# What does Opus __, No___ etc etc mean?



## Taksu7

Hi everyone. I'm a new member. I'm a blues and Jazz musician, now redeeming myself at age 51 and finally trying to study classical music  I have searched the net but can't find the answer to this:

When I see, for example: 

"Nocturne #17 in B Opus 62/1" What does all this mean? (I know what "in B" means, lol, the rest is Greek to me)

1. #17 means what? Is this what Chopin himself called it? Or did somebody arbitrarily call it that after Chopin died?

2. Opus means? I think it means "Body of work" or something, no? But if so, how did one differentiate between one Opus and the next? Did the composer himself decide this at the time he was composing, or, again, was this something decided on later? 

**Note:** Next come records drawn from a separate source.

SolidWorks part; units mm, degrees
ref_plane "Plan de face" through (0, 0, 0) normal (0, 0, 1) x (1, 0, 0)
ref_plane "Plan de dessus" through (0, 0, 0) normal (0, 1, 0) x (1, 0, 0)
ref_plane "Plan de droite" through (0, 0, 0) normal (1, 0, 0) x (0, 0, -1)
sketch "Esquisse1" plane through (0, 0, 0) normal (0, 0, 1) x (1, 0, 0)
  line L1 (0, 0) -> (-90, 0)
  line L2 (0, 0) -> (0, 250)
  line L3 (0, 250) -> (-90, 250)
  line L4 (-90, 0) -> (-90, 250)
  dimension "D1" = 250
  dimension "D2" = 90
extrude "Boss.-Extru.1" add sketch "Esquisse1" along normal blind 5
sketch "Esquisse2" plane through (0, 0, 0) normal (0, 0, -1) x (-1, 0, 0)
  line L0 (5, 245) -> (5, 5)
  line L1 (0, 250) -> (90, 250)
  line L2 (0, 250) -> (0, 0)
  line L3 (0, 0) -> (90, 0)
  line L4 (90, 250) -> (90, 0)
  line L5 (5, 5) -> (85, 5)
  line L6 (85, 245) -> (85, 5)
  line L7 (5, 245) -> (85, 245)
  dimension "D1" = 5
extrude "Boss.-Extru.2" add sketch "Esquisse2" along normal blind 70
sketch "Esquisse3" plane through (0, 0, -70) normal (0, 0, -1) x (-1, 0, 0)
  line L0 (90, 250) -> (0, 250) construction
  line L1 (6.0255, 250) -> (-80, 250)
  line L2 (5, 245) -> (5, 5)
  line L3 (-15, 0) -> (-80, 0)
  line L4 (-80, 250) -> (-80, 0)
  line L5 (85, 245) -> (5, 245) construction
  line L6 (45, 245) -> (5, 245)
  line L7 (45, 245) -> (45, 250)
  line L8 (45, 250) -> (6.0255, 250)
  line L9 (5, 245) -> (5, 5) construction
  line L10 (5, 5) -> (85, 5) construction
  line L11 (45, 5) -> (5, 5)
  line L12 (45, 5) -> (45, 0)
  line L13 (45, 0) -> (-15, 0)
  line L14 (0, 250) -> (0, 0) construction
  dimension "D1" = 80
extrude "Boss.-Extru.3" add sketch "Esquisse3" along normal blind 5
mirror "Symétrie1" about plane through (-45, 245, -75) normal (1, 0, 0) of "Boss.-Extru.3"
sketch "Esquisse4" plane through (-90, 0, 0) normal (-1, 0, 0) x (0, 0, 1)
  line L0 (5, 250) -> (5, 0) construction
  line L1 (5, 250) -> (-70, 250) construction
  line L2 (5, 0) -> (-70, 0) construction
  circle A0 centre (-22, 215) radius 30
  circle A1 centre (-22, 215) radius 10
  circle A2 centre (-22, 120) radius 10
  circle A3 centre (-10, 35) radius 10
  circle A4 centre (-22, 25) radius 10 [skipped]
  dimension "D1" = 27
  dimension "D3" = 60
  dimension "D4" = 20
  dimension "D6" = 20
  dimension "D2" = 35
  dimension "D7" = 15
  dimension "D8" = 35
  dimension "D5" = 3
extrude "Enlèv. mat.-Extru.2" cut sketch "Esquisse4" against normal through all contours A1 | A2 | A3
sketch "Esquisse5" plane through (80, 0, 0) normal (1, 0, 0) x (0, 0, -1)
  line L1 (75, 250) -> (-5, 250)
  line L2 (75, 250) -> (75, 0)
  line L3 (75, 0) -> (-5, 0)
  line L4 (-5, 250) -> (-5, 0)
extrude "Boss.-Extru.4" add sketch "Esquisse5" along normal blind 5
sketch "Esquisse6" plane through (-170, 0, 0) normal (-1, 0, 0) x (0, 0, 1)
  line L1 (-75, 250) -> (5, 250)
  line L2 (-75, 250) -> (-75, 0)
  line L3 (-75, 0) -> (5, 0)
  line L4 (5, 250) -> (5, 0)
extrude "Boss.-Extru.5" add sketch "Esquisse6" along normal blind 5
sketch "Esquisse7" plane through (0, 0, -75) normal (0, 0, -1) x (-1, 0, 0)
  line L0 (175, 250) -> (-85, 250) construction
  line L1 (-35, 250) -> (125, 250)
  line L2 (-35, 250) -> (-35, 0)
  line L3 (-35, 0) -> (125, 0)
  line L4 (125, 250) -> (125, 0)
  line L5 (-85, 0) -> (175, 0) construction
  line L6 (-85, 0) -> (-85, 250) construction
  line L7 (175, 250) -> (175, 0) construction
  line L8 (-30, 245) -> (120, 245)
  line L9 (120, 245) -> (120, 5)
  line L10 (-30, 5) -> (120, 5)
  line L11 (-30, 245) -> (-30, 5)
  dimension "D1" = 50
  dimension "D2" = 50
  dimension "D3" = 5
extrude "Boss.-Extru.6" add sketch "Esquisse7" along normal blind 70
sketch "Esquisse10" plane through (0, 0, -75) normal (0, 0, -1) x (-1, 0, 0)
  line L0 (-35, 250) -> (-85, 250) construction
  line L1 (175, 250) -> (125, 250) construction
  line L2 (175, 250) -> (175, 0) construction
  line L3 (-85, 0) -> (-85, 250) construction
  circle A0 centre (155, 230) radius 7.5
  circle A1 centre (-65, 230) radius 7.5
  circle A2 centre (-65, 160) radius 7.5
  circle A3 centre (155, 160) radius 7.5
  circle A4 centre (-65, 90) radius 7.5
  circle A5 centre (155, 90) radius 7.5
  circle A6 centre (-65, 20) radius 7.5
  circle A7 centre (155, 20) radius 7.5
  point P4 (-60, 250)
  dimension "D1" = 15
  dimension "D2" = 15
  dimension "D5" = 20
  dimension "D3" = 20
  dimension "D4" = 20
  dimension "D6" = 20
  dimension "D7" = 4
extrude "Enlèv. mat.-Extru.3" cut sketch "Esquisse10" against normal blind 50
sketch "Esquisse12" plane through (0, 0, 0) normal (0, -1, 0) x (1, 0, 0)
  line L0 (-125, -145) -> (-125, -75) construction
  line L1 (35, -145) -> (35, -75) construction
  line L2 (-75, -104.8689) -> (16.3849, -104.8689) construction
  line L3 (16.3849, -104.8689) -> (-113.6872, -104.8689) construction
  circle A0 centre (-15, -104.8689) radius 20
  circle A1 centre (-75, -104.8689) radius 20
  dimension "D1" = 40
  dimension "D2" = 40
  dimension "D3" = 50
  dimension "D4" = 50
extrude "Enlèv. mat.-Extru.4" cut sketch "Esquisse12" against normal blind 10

3. 62/1 - what does this mean? I know it means Opus 62, number 1, but "number one" what exactly? The first nocturne he wrote during that particular Opus, (whatever that is)? And if so, why do we need to call it "Nocturne #17" in addition to calling it "number one"

Etc etc. As you can see I'm pretty confused about all this. A jazz musician writes a song, calls it "Night Train" and is done with it. I hope one of you could be is kind as to explain the system to me. Many thanks. 

Thanks for help, anyone!


----------



## jhar26

Opus means work. When you see for example a title like Beethoven's "Symphony No.5 Opus 67" it means that it's his fifth symphony and his 67th work in total.


----------



## jhar26

Taksu7 said:


> 3. 62/1 - what does this mean? I know it means Opus 62, number 1, but "number one" what exactly? The first nocturne he wrote during that particular Opus? And if so, why do we need to call it "Nocturne #17" in addition to calling it "number one"


I suppose because he wrote 16 other nocturnes before he got to Opus 62. But you have to keep in mind that opus numbers are not always 100% accurate - they are in most cases only approximately right. When different works are part of the same opus they are usually ordered in the way that the composer prefers.


----------



## Weston

To help clarify this a little - an Opus might be a set of Nocturnes, or whatever, all published at the same time. They would have been bought as a set.

So Beethoven's Opus 1 is a published set of three piano trios:
http://en.wikipedia.org/wiki/Piano_Trios_Nos._1-3_(Beethoven)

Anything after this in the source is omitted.